━━ Entries shown ━━

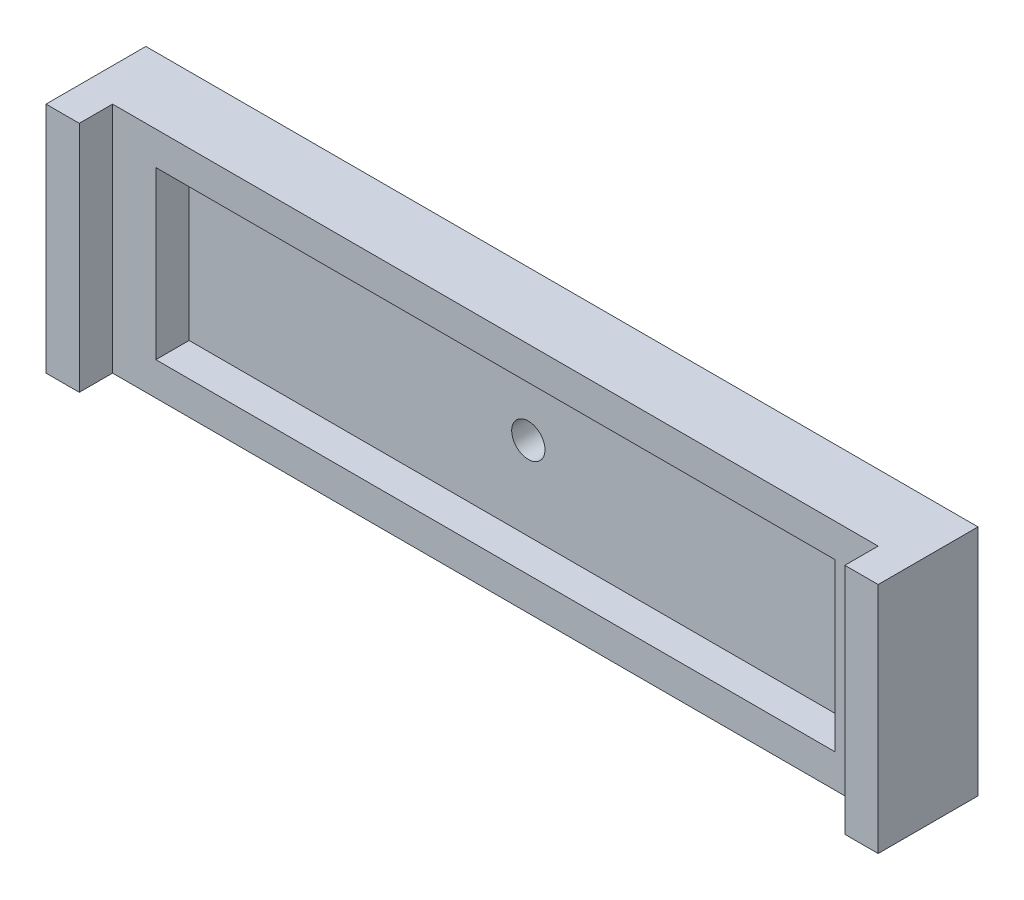
SolidWorks part; units mm, degrees
ref_plane "Front Plane" through (0, 0, 0) normal (0, 0, 1) x (1, 0, 0)
ref_plane "Top Plane" through (0, 0, 0) normal (0, 1, 0) x (1, 0, 0)
ref_plane "Right Plane" through (0, 0, 0) normal (1, 0, 0) x (0, 0, -1)
sketch "Sketch1" plane through (0, 0, 0) normal (0, 1, 0) x (1, 0, 0)
  line L0 (-125, 0) -> (125, 0)
  line L1 (125, 0) -> (125, 30)
  line L2 (125, 30) -> (119.5, 30)
  line L3 (-125, 30) -> (-125, 0)
  line L4 (-119.5, 30) -> (-125, 30)
  line L5 (95.5, 30) -> (-95.5, 30)
  line L6 (-119.5, 42) -> (-119.5, 30)
  line L7 (-95.5, 42) -> (-95.5, 30)
  line L8 (95.5, 42) -> (95.5, 30)
  line L9 (119.5, 42) -> (119.5, 30)
  arc A1 (-95.5, 42) -> (-119.5, 42) centre (-107.5, 42) ccw
  arc A2 (119.5, 42) -> (95.5, 42) centre (107.5, 42) ccw
  circle A3 centre (107.5, 42) radius 5
  circle A4 centre (-107.5, 42) radius 5
  dimension "D5" = 24
  dimension "D7" = 10
  dimension "D1" = 30
  dimension "D2" = 250
  dimension "D3" = 125
  dimension "D4" = 215
  dimension "D6" = 107.5
extrude "Boss-Extrude1" add sketch "Sketch1" along normal blind 70
sketch "Sketch2" plane through (0, 0, 0) normal (0, 0, 1) x (1, 0, 0)
  line L8 (-125, 0) -> (125, 0)
  line L9 (125, 0) -> (125, 70)
  line L10 (125, 70) -> (-125, 70)
  line L11 (-125, 70) -> (-125, 0)
  line L12 (-125, 0) -> (125, 0)
  line L13 (125, 0) -> (125, 70)
  line L14 (125, 70) -> (-125, 70)
  line L15 (-125, 70) -> (-125, 0)
  dimension "D1" = 0
sketch "Sketch3" plane through (-125, 0, 0) normal (-1, 0, 0) x (0, 0, 1)
  line L0 (-30, 0) -> (-80, 0)
  line L1 (-80, 0) -> (-80, 30)
  line L2 (-80, 30) -> (-30, 30)
  line L3 (-30, 70) -> (-30, 0) construction
  line L4 (-30, 0) -> (-30, 30)
  dimension "D1" = 30
  dimension "D2" = 50
extrude "Cut-Extrude1" cut sketch "Sketch3" against normal through all contours L4 L2 L1 L0
sketch "Sketch6" plane through (0, 0, 0) normal (0, 0, 1) x (1, 0, 0)
  line L0 (-115, 10) -> (115, 10)
  line L1 (115, 10) -> (115, 60)
  line L2 (115, 60) -> (-115, 60)
  line L3 (-115, 60) -> (-115, 10)
  line L4 (-125, 0) -> (125, 0)
  line L5 (125, 0) -> (125, 70)
  line L6 (125, 70) -> (-125, 70)
  line L7 (-125, 70) -> (-125, 0)
  line L8 (-125, 0) -> (125, 0) construction
  line L9 (125, 0) -> (125, 70) construction
  line L10 (125, 70) -> (-125, 70) construction
  line L11 (-125, 70) -> (-125, 0) construction
  dimension "D1" = 0
  dimension "D2" = 10
extrude "Cut-Extrude2" cut sketch "Sketch6" against normal blind 20 contours L0 L1 L2 L3
sketch "Sketch7" plane through (0, 0, -20) normal (0, 0, 1) x (1, 0, 0)
  line L0 (-0.0942, 35) -> (115, 35)
  line L4 (-115, 60) -> (-115, 10)
  line L5 (-115, 10) -> (115, 10)
  line L6 (115, 10) -> (115, 60)
  line L7 (115, 60) -> (-115, 60)
  line L8 (-115, 60) -> (-115, 10)
  line L9 (-115, 10) -> (115, 10)
  line L10 (115, 10) -> (115, 60)
  line L11 (115, 60) -> (-115, 60)
  circle A0 centre (-0.0942, 35) radius 5
  dimension "D2" = 10
  dimension "D1" = 0
extrude "Cut-Extrude3" cut sketch "Sketch7" against normal through all
sketch "Sketch8" plane through (125, 0, 0) normal (1, 0, 0) x (0, 0, -1)
  line L0 (30, 70) -> (64.8307, 70)
  line L1 (64.8307, 70) -> (64.8307, 0)
  line L2 (64.8307, 0) -> (30, 0)
  line L3 (30, 0) -> (30, 70)
extrude "Cut-Extrude4" cut sketch "Sketch8" against normal through all
sketch "Sketch9" plane through (0, 70, 0) normal (0, 1, 0) x (1, 0, 0)
  line L0 (-115, 0) -> (-115, 10)
  line L1 (-125, 0) -> (125, 0) construction
  line L2 (-115, 10) -> (115, 10)
  line L3 (115, 10) -> (115, 0)
  line L4 (125, 0) -> (-125, 0) construction
  line L5 (115, 0) -> (-115, 0)
  line L6 (-125, 30) -> (-125, 0) construction
  line L7 (125, 0) -> (125, 30) construction
  dimension "D1" = 10
  dimension "D2" = 10
  dimension "D3" = 10
extrude "Cut-Extrude5" cut sketch "Sketch9" against normal through all
sketch "Sketch10" plane through (0, 0, -20) normal (0, 0, 1) x (1, 0, 0)
  line L2 (0, 60) -> (0, 10) construction
  line L6 (-102, 10) -> (-102, 60)
  line L11 (115, 60) -> (115, 10)
  line L12 (115, 10) -> (102, 10)
  line L13 (-115, 10) -> (115, 10) construction
  line L14 (102, 10) -> (102, 60)
  line L15 (115, 60) -> (-115, 60) construction
  line L16 (102, 60) -> (115, 60)
  line L17 (-115, 10) -> (-102, 10)
  line L18 (-115, 60) -> (-115, 10)
  line L19 (-115, 60) -> (-115, 10)
  line L20 (-115, 10) -> (115, 10)
  line L21 (115, 10) -> (115, 60)
  line L22 (115, 60) -> (-115, 60)
  line L23 (-115, 60) -> (-115, 10) construction
  line L24 (-115, 10) -> (115, 10) construction
  line L25 (115, 10) -> (115, 60) construction
  line L26 (115, 60) -> (-115, 60) construction
  line L27 (-102, 60) -> (-115, 60)
  dimension "D1" = 0
  dimension "D2" = 13
extrude "Boss-Extrude4" add sketch "Sketch10" along normal blind 10

━━━

**What you will do**: Print exactly the lines of the records from the one containing "line L17 (-115, 10) -> (-102, 10)" through the end, and nothing besides them.

**Response**:
  line L17 (-115, 10) -> (-102, 10)
  line L18 (-115, 60) -> (-115, 10)
  line L19 (-115, 60) -> (-115, 10)
  line L20 (-115, 10) -> (115, 10)
  line L21 (115, 10) -> (115, 60)
  line L22 (115, 60) -> (-115, 60)
  line L23 (-115, 60) -> (-115, 10) construction
  line L24 (-115, 10) -> (115, 10) construction
  line L25 (115, 10) -> (115, 60) construction
  line L26 (115, 60) -> (-115, 60) construction
  line L27 (-102, 60) -> (-115, 60)
  dimension "D1" = 0
  dimension "D2" = 13
extrude "Boss-Extrude4" add sketch "Sketch10" along normal blind 10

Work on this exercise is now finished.